Records START

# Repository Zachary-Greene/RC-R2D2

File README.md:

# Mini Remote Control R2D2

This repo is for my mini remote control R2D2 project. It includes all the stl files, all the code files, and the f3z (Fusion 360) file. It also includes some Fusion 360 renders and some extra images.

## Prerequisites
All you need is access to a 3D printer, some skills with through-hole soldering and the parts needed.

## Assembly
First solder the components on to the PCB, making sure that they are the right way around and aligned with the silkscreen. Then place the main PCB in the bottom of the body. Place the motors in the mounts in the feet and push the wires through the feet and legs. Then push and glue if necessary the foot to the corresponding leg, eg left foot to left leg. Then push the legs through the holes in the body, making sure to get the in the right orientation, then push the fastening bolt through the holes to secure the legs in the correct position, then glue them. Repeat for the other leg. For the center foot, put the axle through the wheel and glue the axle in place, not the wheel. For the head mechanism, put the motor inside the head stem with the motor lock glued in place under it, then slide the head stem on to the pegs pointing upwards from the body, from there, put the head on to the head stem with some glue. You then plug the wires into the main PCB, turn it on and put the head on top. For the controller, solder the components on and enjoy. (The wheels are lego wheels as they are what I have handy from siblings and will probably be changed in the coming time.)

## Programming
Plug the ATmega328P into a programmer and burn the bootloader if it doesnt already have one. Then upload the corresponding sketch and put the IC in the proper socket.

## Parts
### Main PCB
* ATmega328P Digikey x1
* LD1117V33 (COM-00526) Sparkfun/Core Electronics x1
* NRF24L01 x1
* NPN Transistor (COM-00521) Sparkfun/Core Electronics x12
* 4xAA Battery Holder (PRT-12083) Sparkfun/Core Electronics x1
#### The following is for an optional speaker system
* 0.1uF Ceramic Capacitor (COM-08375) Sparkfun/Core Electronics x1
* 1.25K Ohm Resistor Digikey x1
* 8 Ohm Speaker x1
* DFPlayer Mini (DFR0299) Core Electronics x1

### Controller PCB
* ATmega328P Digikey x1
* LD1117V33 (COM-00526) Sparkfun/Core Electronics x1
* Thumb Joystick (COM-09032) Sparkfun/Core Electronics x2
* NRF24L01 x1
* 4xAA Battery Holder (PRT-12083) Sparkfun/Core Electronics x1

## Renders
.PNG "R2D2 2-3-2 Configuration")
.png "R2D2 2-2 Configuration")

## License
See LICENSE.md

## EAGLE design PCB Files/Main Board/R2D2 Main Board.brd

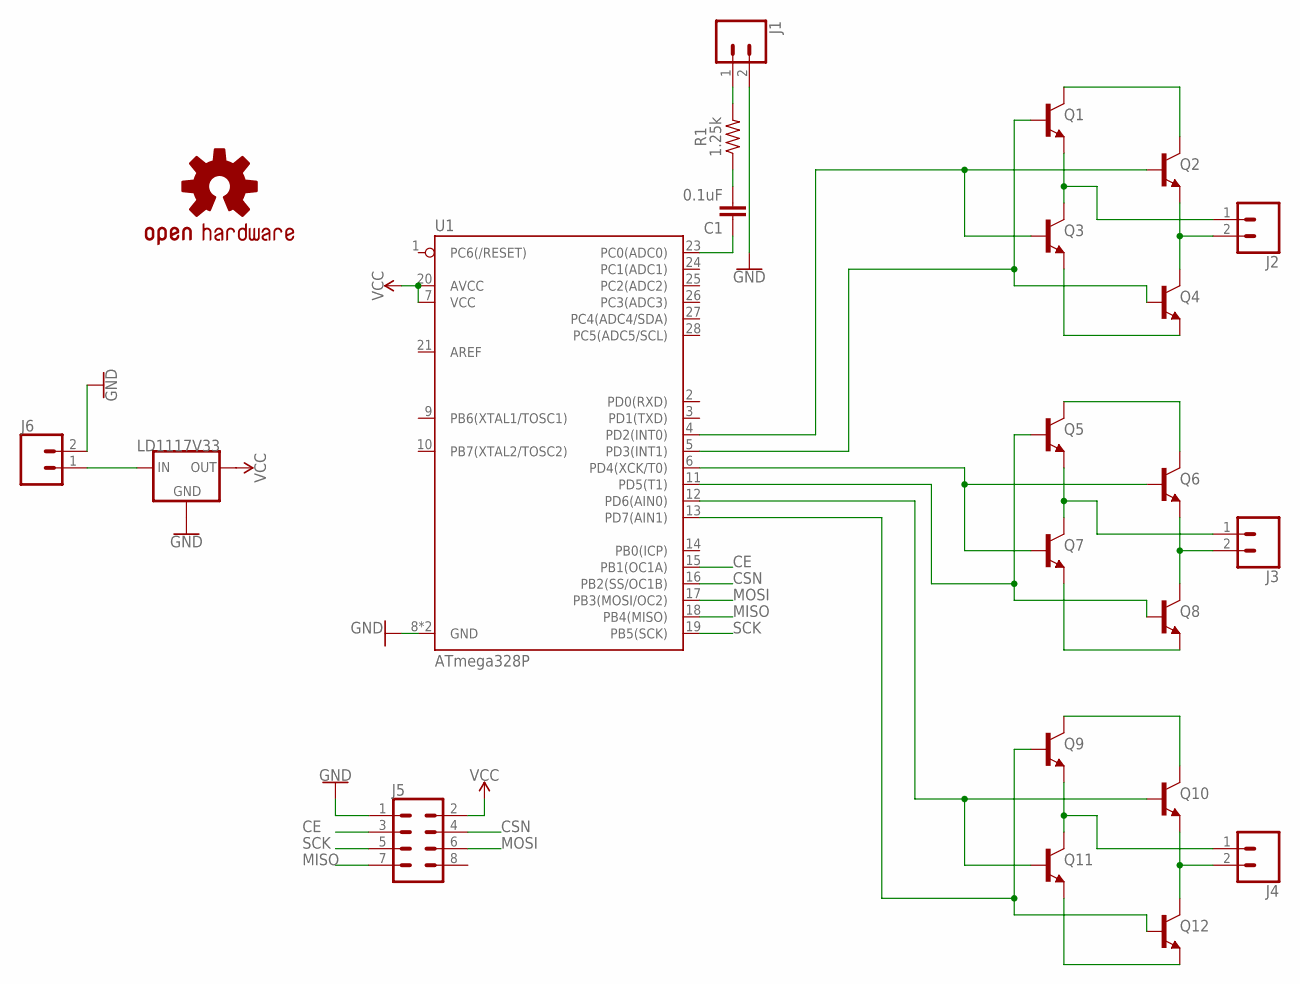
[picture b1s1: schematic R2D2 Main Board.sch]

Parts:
C1: 0.1uF; CAP-PTH-SMALL-KIT
J1, J2, J3, J4, J6: CONN_02; 1X02
J5: CONN_04X2; 2X4
LOGO1: OSHW-LOGOL; OSHW-LOGO-L
Q1, Q2, Q3, Q4, Q5, Q6, Q7, Q8, Q9, Q10, Q11, Q12: 200mA/40V; TO-92
R1: 1.25k; AXIAL-0.3
U1: ATmega328P; DIP28
U$1: LD1117V33; 78XXL

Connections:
CE: J5.3, U1.15 (PB1(OC1A))
CSN: J5.4, U1.16 (PB2(SS/OC1B))
GND: J1.2, J5.1, J6.2, U1.8 (GND), U1.22 (GND), U$1.IN (GND)
MISO: J5.7, U1.18 (PB4(MISO))
MOSI: J5.6, U1.17 (PB3(MOSI/OC2))
unnamed: Q1.3 (C), Q2.3 (C)
unnamed: Q3.1 (E), Q4.1 (E)
unnamed: J2.2, Q2.1 (E), Q4.3 (C)
unnamed: J2.1, Q1.1 (E), Q3.3 (C)
unnamed: Q2.2 (B), Q3.2 (B), U1.4 (PD2(INT0))
unnamed: Q1.2 (B), Q4.2 (B), U1.5 (PD3(INT1))
unnamed: Q5.3 (C), Q6.3 (C)
unnamed: Q7.1 (E), Q8.1 (E)
unnamed: J3.2, Q6.1 (E), Q8.3 (C)
unnamed: J3.1, Q5.1 (E), Q7.3 (C)
unnamed: Q6.2 (B), Q7.2 (B), U1.6 (PD4(XCK/T0))
unnamed: Q5.2 (B), Q8.2 (B), U1.11 (PD5(T1))
unnamed: Q9.3 (C), Q10.3 (C)
unnamed: Q11.1 (E), Q12.1 (E)
unnamed: J4.2, Q10.1 (E), Q12.3 (C)
unnamed: J4.1, Q9.1 (E), Q11.3 (C)
unnamed: Q10.2 (B), Q11.2 (B), U1.12 (PD6(AIN0))
unnamed: Q9.2 (B), Q12.2 (B), U1.13 (PD7(AIN1))
unnamed: C1.1, U1.23 (PC0(ADC0))
unnamed: C1.2, R1.P$1 (1)
unnamed: J1.1, R1.P$2 (2)
SCK: J5.5, U1.19 (PB5(SCK))
VCC: J5.2, U1.7 (VCC), U1.20 (AVCC), U$1.GND (OUT)
VIN: J6.1, U$1.OUT (IN)

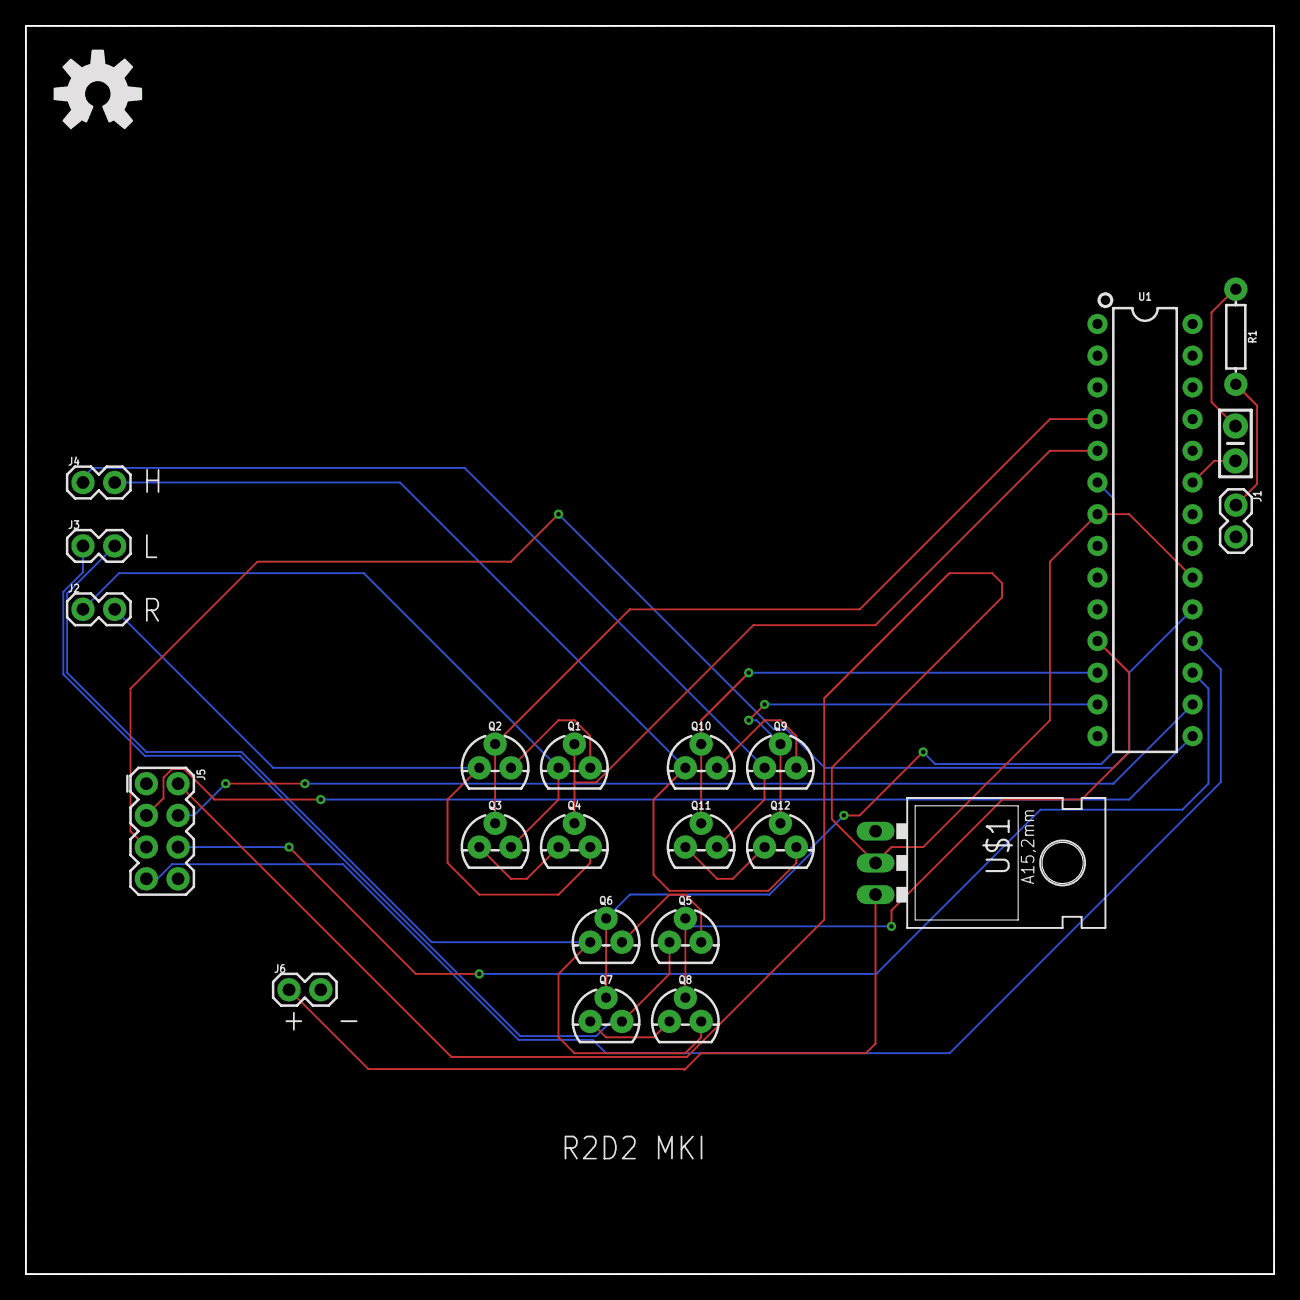
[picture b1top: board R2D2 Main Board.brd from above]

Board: 2 copper layers, 100.0 x 100.0 mm, 23 parts (0 on the bottom side), 29 nets.

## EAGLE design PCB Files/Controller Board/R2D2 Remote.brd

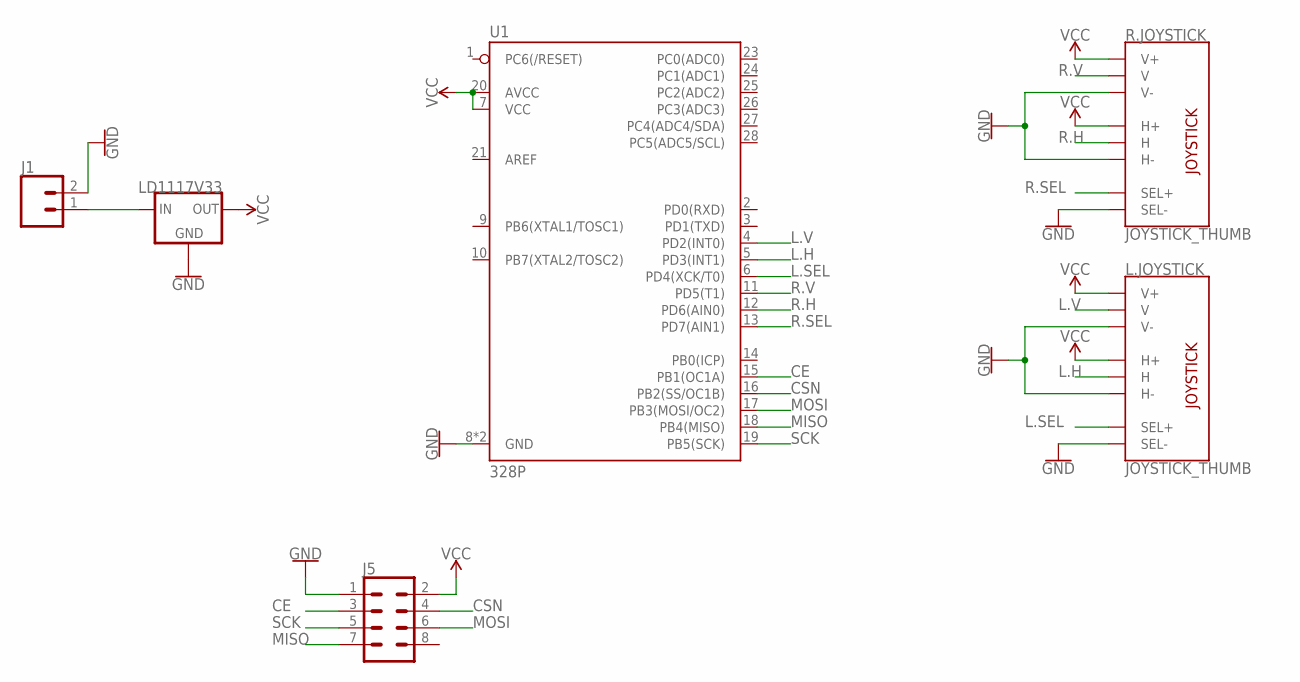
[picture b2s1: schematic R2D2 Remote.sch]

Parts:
J1: CONN_02; 1X02
J5: CONN_04X2; 2X4
L.JOYSTICK: JOYSTICK_THUMB; JOYSTICK
R.JOYSTICK: JOYSTICK_THUMB; JOYSTICK
U1: 328P; DIP28
U$1: LD1117V33; 78XXL

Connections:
CE: J5.3, U1.15 (PB1(OC1A))
CSN: J5.4, U1.16 (PB2(SS/OC1B))
GND: J1.2, J5.1, L.JOYSTICK.B2A (SEL-), L.JOYSTICK.H3 (H-), L.JOYSTICK.V3 (V-), R.JOYSTICK.B2A (SEL-), R.JOYSTICK.H3 (H-), R.JOYSTICK.V3 (V-), U1.8 (GND), U1.22 (GND), U$1.IN (GND)
L.H: L.JOYSTICK.H2 (H), U1.5 (PD3(INT1))
L.SEL: L.JOYSTICK.B1A (SEL+), U1.6 (PD4(XCK/T0))
L.V: L.JOYSTICK.V2 (V), U1.4 (PD2(INT0))
MISO: J5.7, U1.18 (PB4(MISO))
MOSI: J5.6, U1.17 (PB3(MOSI/OC2))
unnamed: J1.1, U$1.OUT (IN)
R.H: R.JOYSTICK.H2 (H), U1.12 (PD6(AIN0))
R.SEL: R.JOYSTICK.B1A (SEL+), U1.13 (PD7(AIN1))
R.V: R.JOYSTICK.V2 (V), U1.11 (PD5(T1))
SCK: J5.5, U1.19 (PB5(SCK))
VCC: J5.2, L.JOYSTICK.H1 (H+), L.JOYSTICK.V1 (V+), R.JOYSTICK.H1 (H+), R.JOYSTICK.V1 (V+), U1.7 (VCC), U1.20 (AVCC), U$1.GND (OUT)

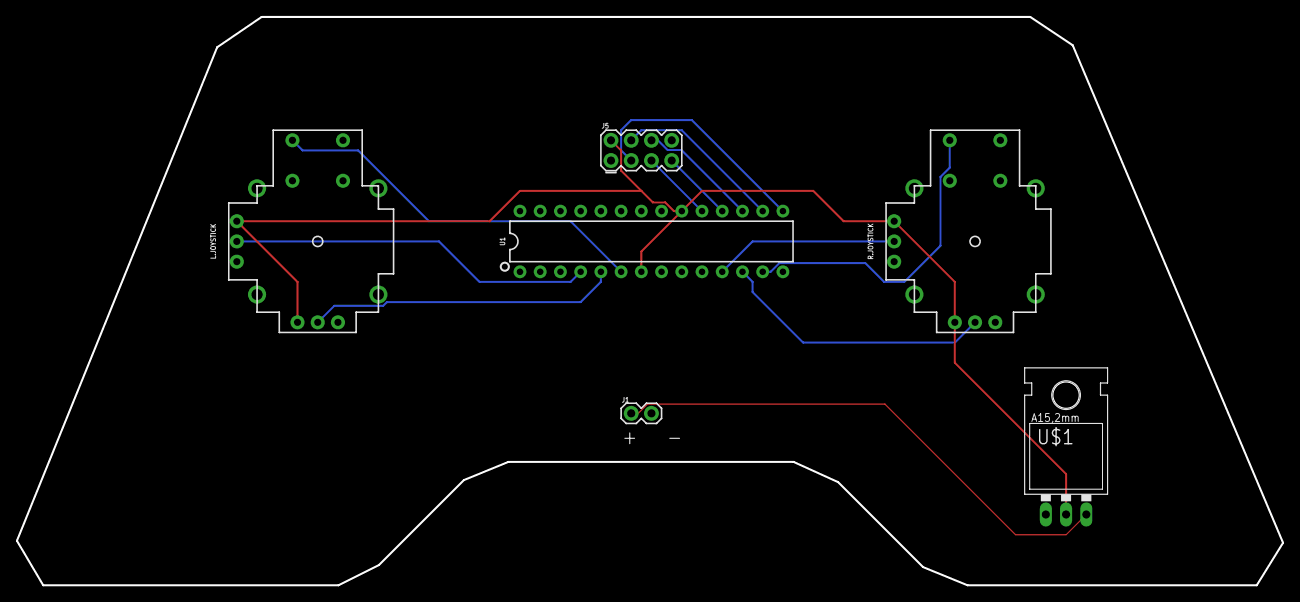
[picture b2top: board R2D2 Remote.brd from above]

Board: 2 copper layers, 159.0 x 71.4 mm, 6 parts (0 on the bottom side), 14 nets.

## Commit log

2020-08-18 Added Images
2020-08-18 Trying adding images
2020-08-18 Added second render
2020-08-18 Added PCB files for main and controller
2020-10-18 Created STL folder
2020-10-18 Add files via upload
    Added all STL files

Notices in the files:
parts and their libraries:
SparkFun-Connectors: Licensing: Creative Commons ShareAlike 4.0 International - https://creativecommons.org/licenses/by-sa/4.0

Records END

### Brief
Exactly the lines from the one containing "2020-08-18 Added second render" through the end of the records above are to be printed, and no others.

### Task response
2020-08-18 Added second render
2020-08-18 Added PCB files for main and controller
2020-10-18 Created STL folder
2020-10-18 Add files via upload
    Added all STL files

Notices in the files:
parts and their libraries:
SparkFun-Connectors: Licensing: Creative Commons ShareAlike 4.0 International - https://creativecommons.org/licenses/by-sa/4.0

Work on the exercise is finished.